D: Adaptation for wind pollination:
- Wind pollination does not directly influence the excurrent habit of Pinus trees.
- The excurrent habit primarily facilitates efficient vertical growth, allowing for better dispersal of pollen by wind.
Conclusion:
The best explanation for the excurrent habit of a Pinus tree is the effect of auxin on the growth of the stem tip. Auxin promotes apical dominance, resulting in a straight, single main trunk with minimal branching. This growth pattern is characteristic of the excurrent habit observed in Pinus trees.

The plant group that produces spores and embryo but lacks vascular tissues and seeds is:
Bryophyta
Explanation:
Bryophyta, commonly known as mosses, are a group of plants that exhibit certain characteristics. Here's a detailed explanation of why Bryophyta is the correct answer:
Spore Production:
- Bryophyta plants reproduce using spores. Spores are tiny reproductive units that are dispersed and germinate into new plants.
Embryo Production:
- Bryophyta plants also produce embryos. An embryo is a young multicellular organism that develops from a fertilized egg and is capable of growing into a new individual.
Lack of Vascular Tissues:
- Unlike vascular plants, such as Pteridophyta (ferns) and seed plants, Bryophyta lacks specialized tissues for the long-distance transport of water, nutrients, and sugars. As a result, Bryophyta plants are typically small in size and grow close to the ground.
Lack of Seeds:
- Bryophyta plants do not produce seeds. Seeds are structures that contain embryos and are capable of developing into new plants under suitable conditions.

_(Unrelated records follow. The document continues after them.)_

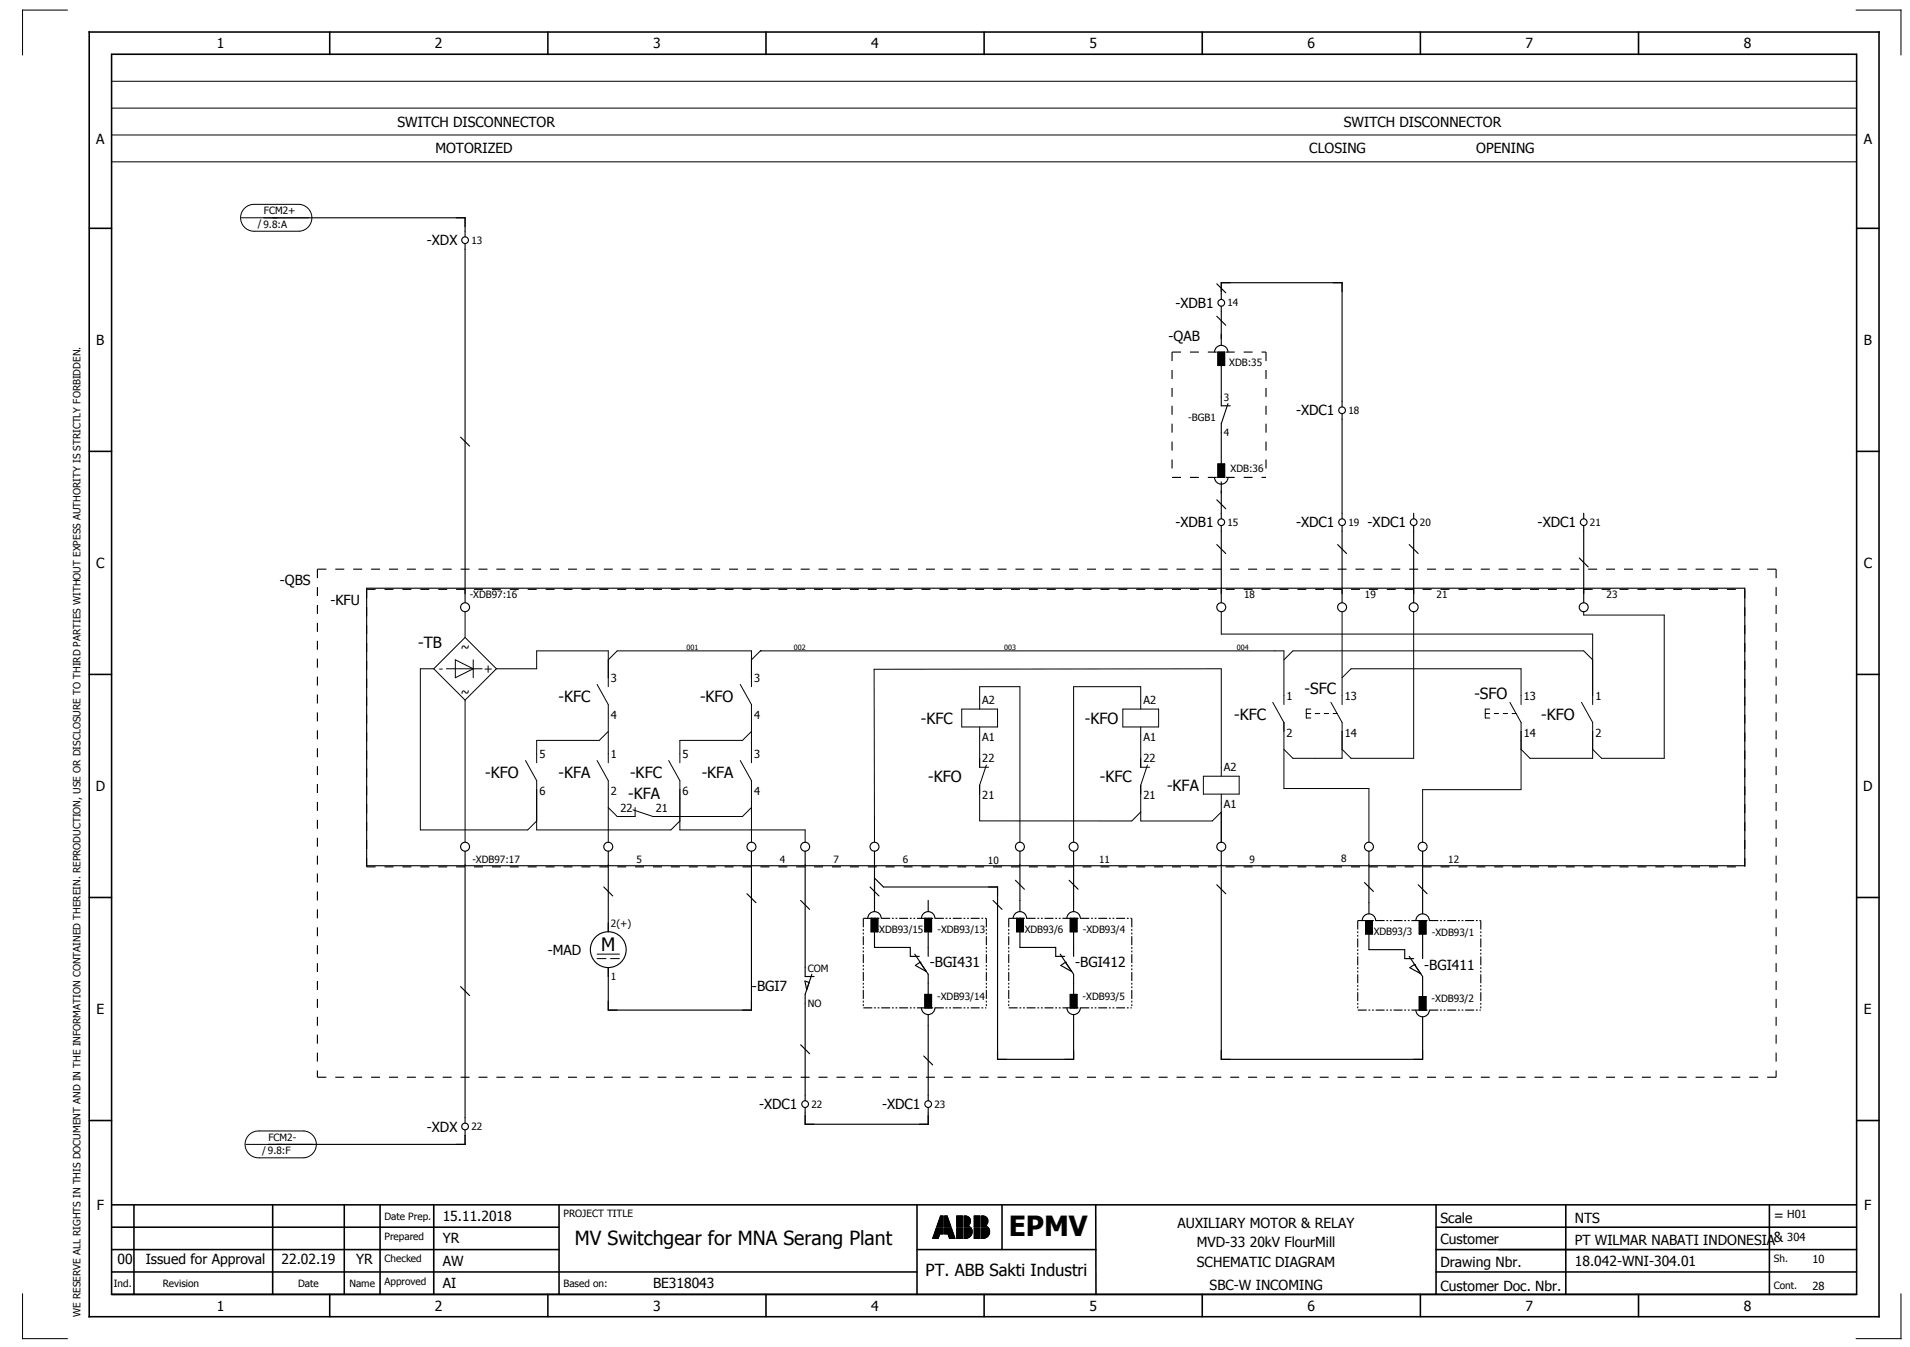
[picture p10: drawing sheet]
<svg xmlns="http://www.w3.org/2000/svg" width="427mm" height="301mm" viewBox="0 0 427 301" stroke-linecap="round" stroke-linejoin="round" font-family="sans-serif">
<g fill="none" stroke="#000" stroke-width=".35">
<path d="M19.9 7.2h400v287h-400zM24.9 12.1h390v277.1h-390zM73.7 7.2v5M122.4 7.2v5M171.2 7.2v5M219.9 7.2v5M268.7 7.2v5M317.4 7.2v5M366.2 7.2v5M19.9 51h5M414.9 51h5M19.9 100.8h5"/>
<path d="M414.9 100.8h5M19.9 150.7h5M414.9 150.7h5M19.9 200.5h5M414.9 200.5h5M19.9 250.3h5M414.9 250.3h5M24.9 279.2h100M24.9 269.2h390M24.9 274.2h100M29.9 269.2v20M60.9 269.2v20"/>
<path d="M76.9 269.2v20M84.9 269.2v20M96.9 269.2v20M124.9 269.2v20M204.9 279.2h40M204.9 269.2v20M223.9 269.2v10M244.9 269.2v20M320.9 279.2h94M320.9 269.2v20M320.9 274.2h94M349.9 269.2v20"/>
<path d="M395.4 269.2v20M24.9 289.2h390M24.9 284.2h180M73.7 289.2v5M122.4 289.2v5M171.2 289.2v5M219.9 289.2v5M268.7 289.2v5M317.4 289.2v5M320.9 284.2h94M366.2 289.2v5"/>
</g>
<g fill="none" stroke="#000" stroke-width=".22">
<path d="M15 2.3h-10v10M24.9 18.2h390M24.9 12.2h390M414.8 2.3h10v10M24.9 24.2h390M24.9 30.2h390M24.9 36.2h390M53.9 48.7h15M54.5 46.6a3 3 0 0 1 2.4-.9h10a3 3 0 0 1 2.8 3 3 3 0 0 1-2.8 3h-10a3 3 0 0 1-2.8-1.7 3 3 0 0 1 .4-3.4zM103.9 136.7v5.7M272.9 136.7v5h83v15.7M299.9 136.7v20.7"/>
<path d="M315.9 136.7v32.7h-14l-2-2M353.9 136.7v.7h18v32h-14l-2-2M96.9 149.4h-3v36h24l2-2M96.9 149.4l7 7M99.8 149.4h8M101.8 147.4l4 2-4 2zM103.9 156.4v31.8M103.9 142.4l-7 7M103.9 142.4l7 7M105.8 147.4v4M110.9 149.4h9v-4h16v8M110.9 149.4l-7 7"/>
<path d="M133.4 152.9l2.5 4.5v13M135.9 147.4l2-2h30v8M165.4 152.9l2.5 4.5v13M169.9 145.4h.1M169.9 145.4h117v12M169.9 145.4l-2 2M214.9 158.4h8v4h-8zM218.9 158.4v-5h9v34.8M250.9 158.4h8v4h-8zM254.9 158.4v-5h-15v34.8M284.4 156.9l2.5 4.5v14.8h19v12M286.9 147.4l2-2h65l2 2"/>
<path d="M291.9 159.4h1M292.9 158.4h-1v2h1M293.9 159.4h1M295.9 159.4h1M297.4 156.9l2.5 4.5v8h-11l-2-2M297.9 159.4h.9M299.9 151.4l2-2h38v8M331.9 159.4h1M332.9 158.4h-1v2h1M333.9 159.4h1M335.9 159.4h1M337.4 156.9l2.5 4.5v15h-22v11.8"/>
<path d="M337.9 159.4h.9M353.4 156.9l2.5 4.5v8h-14l-2-2M117.4 169.9l2.5 4.5v11h30l2-2M133.4 169.9l2.5 4.5v13.8M135.9 163.4l-2 2h-14v5M149.4 169.9l2.5 4.5v11h28v2.8M165.4 169.9l2.5 4.5v13.8M167.9 163.4l-2 2h-14v5M218.9 162.4v9h2M220.4 170.9l-1.5 4.5v8M254.9 162.4v9h2M256.4 170.9l-1.5 4.5v8h16l2-2"/>
<path d="M268.9 173.4h8v4h-8zM272.9 173.4v-24l-77.5 .1v38.7M272.9 177.4v10.8M135.9 180.4l2 2h4v-2M167.9 180.4l-2 2h-20l-4.5-1.5M254.9 181.4l-2 2h-33.9M133.4 213.2h5M133.4 214.2h2M136.4 214.2h2M54.9 255.7h15M55.5 253.6a3 3 0 0 1 2.4-.9h10a3 3 0 0 1 2.8 3 3 3 0 0 1-2.8 3h-10a3 3 0 0 1-2.8-1.7 3 3 0 0 1 .4-3.4zM208.5 276.5v.2"/>
<path d="M208.6 276.3v.4M208.6 276.1v.6M208.7 275.9v.8M208.8 275.6v1.1M208.9 275.4v1.3M209 275.2v1.5M209 275v1.7M209.1 274.7v2M209.2 274.5v2.2M209.3 274.3l-.9 2.4h1.3l.3-1M209.3 274.3h1.5v1.4h-.8M209.3 274.3v2.4"/>
<path d="M209.4 273.8v.2M209.4 274.3v2.4M209.5 273.6v.4M209.5 274.3v2.4M209.6 273.4v.6M209.6 274.3v2.4M209.7 273.2v.8M209.7 274.3v2.4M209.7 273v1M209.7 274.3v2.2M209.8 272.7v1.3M209.8 274.3v2"/>
<path d="M209.9 272.5v1.5M209.9 274.3v1.8M210 272.3v1.7M210 274.3v1.6M210 272.1v1.9M210 274.3v1.4M210.1 271.8v2.2M210.1 274.3v1.4M210.2 271.7h.6v2.3h-1.4zM210.2 271.7v2.3M210.2 274.3v1.4M210.3 271.7v2.3"/>
<path d="M210.3 274.3v1.4M210.4 271.7v2.3M210.4 274.3v1.4M210.5 271.7v2.3M210.5 274.3v1.4M210.6 271.7v2.3M210.6 274.3v1.4M210.7 271.7v2.3M210.7 274.3v1.4M210.8 271.7v2.3M210.8 274.3v1.4M211.1 271.7h.6l.8 2.3h-1.4z"/>
<path d="M211.1 271.7v2.3M211.1 274.3v1.4M211.2 271.7v2.3M211.2 274.3v1.4M211.3 271.7v2.3M211.3 274.3v1.4M211.4 271.7v2.3M211.4 274.3v1.4M211.5 271.7v2.3M211.5 274.3v1.4M211.6 271.7v2.3M211.6 274.3v1.4"/>
<path d="M211.7 271.7v2.3M211.7 274.3v1.4M211.8 271.9v2.1M211.8 274.3v1.4M211.8 275.7h-.7v-1.4h1.5l.8 2.4M211.8 275.7l.4 1h1.2M211.8 272.1v1.9M211.9 272.3v1.7M211.9 274.3v1.6M212 272.5v1.5M212 274.3v1.8M212.1 272.8v1.2"/>
<path d="M212.1 274.3v2M212.2 273v1M212.2 274.3v2.3M212.2 273.2v.8M212.2 274.3v2.4M212.3 273.4v.6M212.3 274.3v2.4M212.4 273.7v.3M212.4 274.3v2.4M212.5 273.9v.1M212.5 274.3v2.4M212.6 274.3v2.4"/>
<path d="M212.7 274.6v2.1M212.8 274.8v1.9M212.9 275v1.7M212.9 275.2v1.5M213 275.5v1.2M213.1 275.7v1M213.2 275.9v.8M213.3 276.1v.6M213.3 276.3v.4M213.4 276.6v.1M213.8 271.7h1.3v2.3h-1.3zM213.8 274.3h1.3v2.4h-1.3z"/>
<path d="M213.9 271.7v2.3M213.9 274.3v2.4M214 271.7v2.3M214 274.3v2.4M214.1 271.7v2.3M214.1 274.3v2.4M214.2 271.7v2.3M214.2 274.3v2.4M214.3 271.7v2.3M214.3 274.3v2.4M214.4 271.7v2.3M214.4 274.3v2.4"/>
<path d="M214.5 271.7v2.3M214.5 274.3v2.4M214.6 271.7v2.3M214.6 274.3v2.4M214.7 271.7v2.3M214.7 274.3v2.4M214.8 271.7v2.3M214.8 274.3v2.4M214.9 271.7v2.3M214.9 274.3v2.4M215 271.7v2.3M215 274.3v2.4"/>
<path d="M215.4 271.7a1.16 1.16 0 0 1 1.4 .6 1.16 1.16 0 0 1-.5 1.5l.5 .2h-1.4zM215.5 271.7v2.3M215.5 274.3v2.4M215.6 271.7v2.3M215.6 274.3v2.4M215.7 271.7v2.3M215.7 274.3v2.4M215.8 271.7v2.3M215.8 274.3v2.4M215.9 271.7v2.3M215.9 274.3v2.4M216 271.7v2.3"/>
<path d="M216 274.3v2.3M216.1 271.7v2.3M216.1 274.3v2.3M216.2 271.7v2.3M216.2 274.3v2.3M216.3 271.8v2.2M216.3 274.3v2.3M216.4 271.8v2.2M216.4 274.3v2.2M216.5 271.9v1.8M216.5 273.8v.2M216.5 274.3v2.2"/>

Therefore, based on the characteristics described above, the plant group that produces spores and embryo but lacks vascular tissues and seeds is Bryophyta.

The hair-like structures covering young fern leaves and rhizome are called ramenta.
Explanation:
- Ramenta: Ramenta are small, hair-like structures that cover the surface of young fern leaves and rhizomes.
- Ramenta are mainly found in ferns and serve various functions such as protection, defense, and water absorption.
- These structures are composed of dead cells and are often formed by the disintegration of scales or glandular hairs.
- Ramenta have a variety of shapes and sizes, ranging from short and rigid to long and flexible.
- They can be found on the upper and lower surfaces of fern leaves, as well as on the surface of the rhizome.
- Ramenta play a role in protecting the young fern leaves and rhizomes from herbivores, pathogens, and excessive water loss.
- They also aid in the absorption of water and nutrients from the environment.
- The presence of ramenta can be observed by examining the surface of young fern leaves and rhizomes under a microscope or by touch.
Therefore, the correct answer is D. Ramenta.